▼

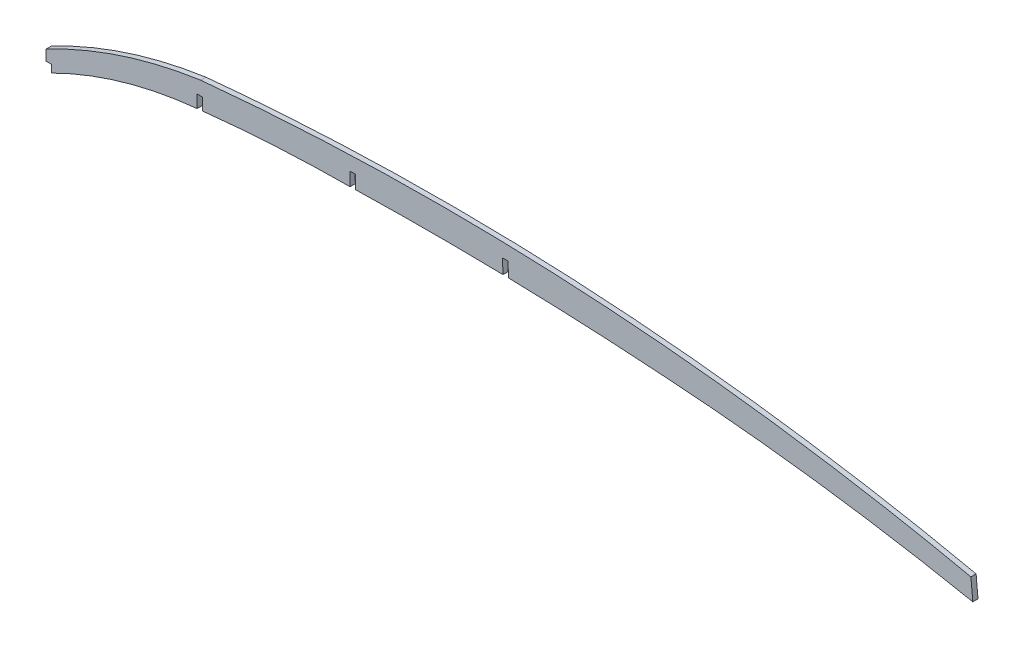
SolidWorks part; units mm, degrees
material "Plywood"
ref_plane "Front Plane" through (0, 0, 0) normal (0, 0, 1) x (1, 0, 0)
ref_plane "Top Plane" through (0, 0, 0) normal (0, 1, 0) x (1, 0, 0)
ref_plane "Right Plane" through (0, 0, 0) normal (1, 0, 0) x (0, 0, -1)
sketch "Sketch1" plane through (0, 0, 0) normal (0, 0, 1) x (1, 0, 0)
  line L0 (0, 85.9422) -> (0, 98.65)
  line L1 (566.0852, 89.3162) -> (564.9321, 101.9672)
  arc A6 (0, 85.9422) -> (92.3925, 113.3643) centre (117.1549, -139.4258) cw
  arc A7 (92.3925, 113.3643) -> (185.8959, 118.7314) centre (190.0181, -770.2591) cw
  arc A8 (0, 98.65) -> (94.4926, 129.4758) centre (136.5172, -159.5853) cw
  arc A9 (185.8959, 118.7314) -> (373.1011, 114.68) centre (236.8429, -1854.3329) cw
  arc A10 (373.1011, 114.68) -> (566.0852, 89.3162) centre (283.2319, -1315.9601) cw
  spline S6 degree 3 poles (2840.1742, -3011.9755) (2207.2857, -1054.6088) (1410.1047, -9.015) (438.4396, 123.9344) (428.6248, 125.18) (408.999, 127.4765) (399.1847, 128.5281) (369.7378, 131.3942) (350.1011, 132.9202) (291.1746, 136.3528) (251.8686, 137.1157) (-696.3591, 118.7732) (-1616.8272, -712.574) (-2553.4552, -2680.697) knots -5.888628 -5.888628 -5.888628 -5.888628 0.25 0.25 0.3125 0.3125 0.375 0.375 0.5 0.5 0.75 0.75 6.527741 6.527741 6.527741 6.527741 only from (564.9321, 101.9672) to (94.4926, 129.4758)
  spline S7 degree 3 poles (564.9321, 101.9672) (526.3055, 110.3588) (487.4057, 117.2346) (438.4396, 123.9344) (428.6248, 125.18) (408.999, 127.4765) (399.1847, 128.5281) (369.7378, 131.3942) (350.1011, 132.9202) (291.1746, 136.3528) (251.8686, 137.1157) (173.2133, 135.5942) (133.864, 133.3099) (94.4926, 129.4758) knots 0 0 0 0 0.25 0.25 0.3125 0.3125 0.375 0.375 0.5 0.5 0.75 0.75 1 1 1 1
  dimension "D4" = 92.3925
  dimension "D2" = 254
  dimension "D8" = 187.2051
  dimension "D9" = 28.7378
  dimension "D1" = 292.1
  dimension "D3" = 889
  dimension "D10" = 1973.7219
  dimension "D11" = 1433.46
  dimension "D5" = 27.4221
  dimension "D6" = 93.5034
  dimension "D7" = 32.7892
  dimension "D12" = 12.7078
extrude "Boss-Extrude1" add sketch "Sketch1" against normal mid plane 3.175 contours L1 S7 A8 L0 A6 A7 A9 A10 region at (279.3924, 119.3664, 0)
sketch "Sketch2" plane through (0, 0, 1.5875) normal (0, 0, 1) x (1, 0, 0)
  line L0 (0, 0) -> (0, 85.9422) construction
  line L1 (0, 0) -> (93.98, 0) construction
  line L3 (0, 85.9422) -> (3.302, 85.9422)
  line L4 (0, 85.9422) -> (0, 92.2922)
  line L5 (0, 92.2922) -> (3.302, 92.2922)
  line L6 (3.302, 85.9422) -> (3.302, 92.2922)
  line L7 (93.98, 0) -> (93.98, 120.9849) construction
  line L13 (187.2564, 126.8924) -> (189.9129, 0) construction
  line L14 (93.98, 0) -> (476.9285, 0) construction
  line L16 (92.2909, 121.0611) -> (95.6691, 121.0611)
  line L17 (92.2909, 121.0611) -> (92.2909, 108.3611)
  line L18 (95.6691, 121.0611) -> (95.6691, 108.3611)
  line L19 (92.2909, 108.3611) -> (95.6691, 108.3611)
  line L21 (185.5661, 126.9332) -> (188.9436, 127.0039)
  line L22 (185.5661, 126.9332) -> (185.8319, 114.236)
  line L23 (188.9436, 127.0039) -> (189.2094, 114.3067)
  line L24 (185.8319, 114.236) -> (189.2094, 114.3067)
  line L28 (278.7803, 127.5744) -> (282.1553, 127.7196)
  line L29 (278.7803, 127.5744) -> (279.3264, 114.8861)
  line L30 (280.4711, 127.5709) -> (285.9617, 0) construction
  line L31 (282.1553, 127.7196) -> (282.7014, 115.0314)
  line L32 (279.3264, 114.8861) -> (282.7014, 115.0314)
  point P8 (93.98, 108.3611)
  point P13 (187.2548, 126.9686)
  point P15 (280.4678, 127.647)
  dimension "D1" = 85.9422
  dimension "D2" = 6.35
  dimension "D3" = 3.302
  dimension "D4" = 93.98
  dimension "D5" = 88.801
  dimension "D6" = 95.9329
  dimension "D7" = 120.9849
  dimension "D8" = 0.0762
  dimension "D9" = 12.7
  dimension "D10" = 3.3782
  dimension "D11" = 126.8924
  dimension "D12" = 0.0762
  dimension "D13" = 3.3782
  dimension "D14" = 12.7
  dimension "D15" = 87.536
  dimension "D16" = 96.0488
  dimension "D17" = 127.689
  dimension "D18" = 0.0762
  dimension "D19" = 3.3782
  dimension "D20" = 12.7
extrude "Cut-Extrude1" cut sketch "Sketch2" against normal through all
equation "\"slotwidth\"=0.167708"

▲

» **Your goal**
Would you restate all of the data above word for word, omitting the pictures?

» **Task output**
SolidWorks part; units mm, degrees
material "Plywood"
ref_plane "Front Plane" through (0, 0, 0) normal (0, 0, 1) x (1, 0, 0)
ref_plane "Top Plane" through (0, 0, 0) normal (0, 1, 0) x (1, 0, 0)
ref_plane "Right Plane" through (0, 0, 0) normal (1, 0, 0) x (0, 0, -1)
sketch "Sketch1" plane through (0, 0, 0) normal (0, 0, 1) x (1, 0, 0)
  line L0 (0, 85.9422) -> (0, 98.65)
  line L1 (566.0852, 89.3162) -> (564.9321, 101.9672)
  arc A6 (0, 85.9422) -> (92.3925, 113.3643) centre (117.1549, -139.4258) cw
  arc A7 (92.3925, 113.3643) -> (185.8959, 118.7314) centre (190.0181, -770.2591) cw
  arc A8 (0, 98.65) -> (94.4926, 129.4758) centre (136.5172, -159.5853) cw
  arc A9 (185.8959, 118.7314) -> (373.1011, 114.68) centre (236.8429, -1854.3329) cw
  arc A10 (373.1011, 114.68) -> (566.0852, 89.3162) centre (283.2319, -1315.9601) cw
  spline S6 degree 3 poles (2840.1742, -3011.9755) (2207.2857, -1054.6088) (1410.1047, -9.015) (438.4396, 123.9344) (428.6248, 125.18) (408.999, 127.4765) (399.1847, 128.5281) (369.7378, 131.3942) (350.1011, 132.9202) (291.1746, 136.3528) (251.8686, 137.1157) (-696.3591, 118.7732) (-1616.8272, -712.574) (-2553.4552, -2680.697) knots -5.888628 -5.888628 -5.888628 -5.888628 0.25 0.25 0.3125 0.3125 0.375 0.375 0.5 0.5 0.75 0.75 6.527741 6.527741 6.527741 6.527741 only from (564.9321, 101.9672) to (94.4926, 129.4758)
  spline S7 degree 3 poles (564.9321, 101.9672) (526.3055, 110.3588) (487.4057, 117.2346) (438.4396, 123.9344) (428.6248, 125.18) (408.999, 127.4765) (399.1847, 128.5281) (369.7378, 131.3942) (350.1011, 132.9202) (291.1746, 136.3528) (251.8686, 137.1157) (173.2133, 135.5942) (133.864, 133.3099) (94.4926, 129.4758) knots 0 0 0 0 0.25 0.25 0.3125 0.3125 0.375 0.375 0.5 0.5 0.75 0.75 1 1 1 1
  dimension "D4" = 92.3925
  dimension "D2" = 254
  dimension "D8" = 187.2051
  dimension "D9" = 28.7378
  dimension "D1" = 292.1
  dimension "D3" = 889
  dimension "D10" = 1973.7219
  dimension "D11" = 1433.46
  dimension "D5" = 27.4221
  dimension "D6" = 93.5034
  dimension "D7" = 32.7892
  dimension "D12" = 12.7078
extrude "Boss-Extrude1" add sketch "Sketch1" against normal mid plane 3.175 contours L1 S7 A8 L0 A6 A7 A9 A10 region at (279.3924, 119.3664, 0)
sketch "Sketch2" plane through (0, 0, 1.5875) normal (0, 0, 1) x (1, 0, 0)
  line L0 (0, 0) -> (0, 85.9422) construction
  line L1 (0, 0) -> (93.98, 0) construction
  line L3 (0, 85.9422) -> (3.302, 85.9422)
  line L4 (0, 85.9422) -> (0, 92.2922)
  line L5 (0, 92.2922) -> (3.302, 92.2922)
  line L6 (3.302, 85.9422) -> (3.302, 92.2922)
  line L7 (93.98, 0) -> (93.98, 120.9849) construction
  line L13 (187.2564, 126.8924) -> (189.9129, 0) construction
  line L14 (93.98, 0) -> (476.9285, 0) construction
  line L16 (92.2909, 121.0611) -> (95.6691, 121.0611)
  line L17 (92.2909, 121.0611) -> (92.2909, 108.3611)
  line L18 (95.6691, 121.0611) -> (95.6691, 108.3611)
  line L19 (92.2909, 108.3611) -> (95.6691, 108.3611)
  line L21 (185.5661, 126.9332) -> (188.9436, 127.0039)
  line L22 (185.5661, 126.9332) -> (185.8319, 114.236)
  line L23 (188.9436, 127.0039) -> (189.2094, 114.3067)
  line L24 (185.8319, 114.236) -> (189.2094, 114.3067)
  line L28 (278.7803, 127.5744) -> (282.1553, 127.7196)
  line L29 (278.7803, 127.5744) -> (279.3264, 114.8861)
  line L30 (280.4711, 127.5709) -> (285.9617, 0) construction
  line L31 (282.1553, 127.7196) -> (282.7014, 115.0314)
  line L32 (279.3264, 114.8861) -> (282.7014, 115.0314)
  point P8 (93.98, 108.3611)
  point P13 (187.2548, 126.9686)
  point P15 (280.4678, 127.647)
  dimension "D1" = 85.9422
  dimension "D2" = 6.35
  dimension "D3" = 3.302
  dimension "D4" = 93.98
  dimension "D5" = 88.801
  dimension "D6" = 95.9329
  dimension "D7" = 120.9849
  dimension "D8" = 0.0762
  dimension "D9" = 12.7
  dimension "D10" = 3.3782
  dimension "D11" = 126.8924
  dimension "D12" = 0.0762
  dimension "D13" = 3.3782
  dimension "D14" = 12.7
  dimension "D15" = 87.536
  dimension "D16" = 96.0488
  dimension "D17" = 127.689
  dimension "D18" = 0.0762
  dimension "D19" = 3.3782
  dimension "D20" = 12.7
extrude "Cut-Extrude1" cut sketch "Sketch2" against normal through all
equation "\"slotwidth\"=0.167708"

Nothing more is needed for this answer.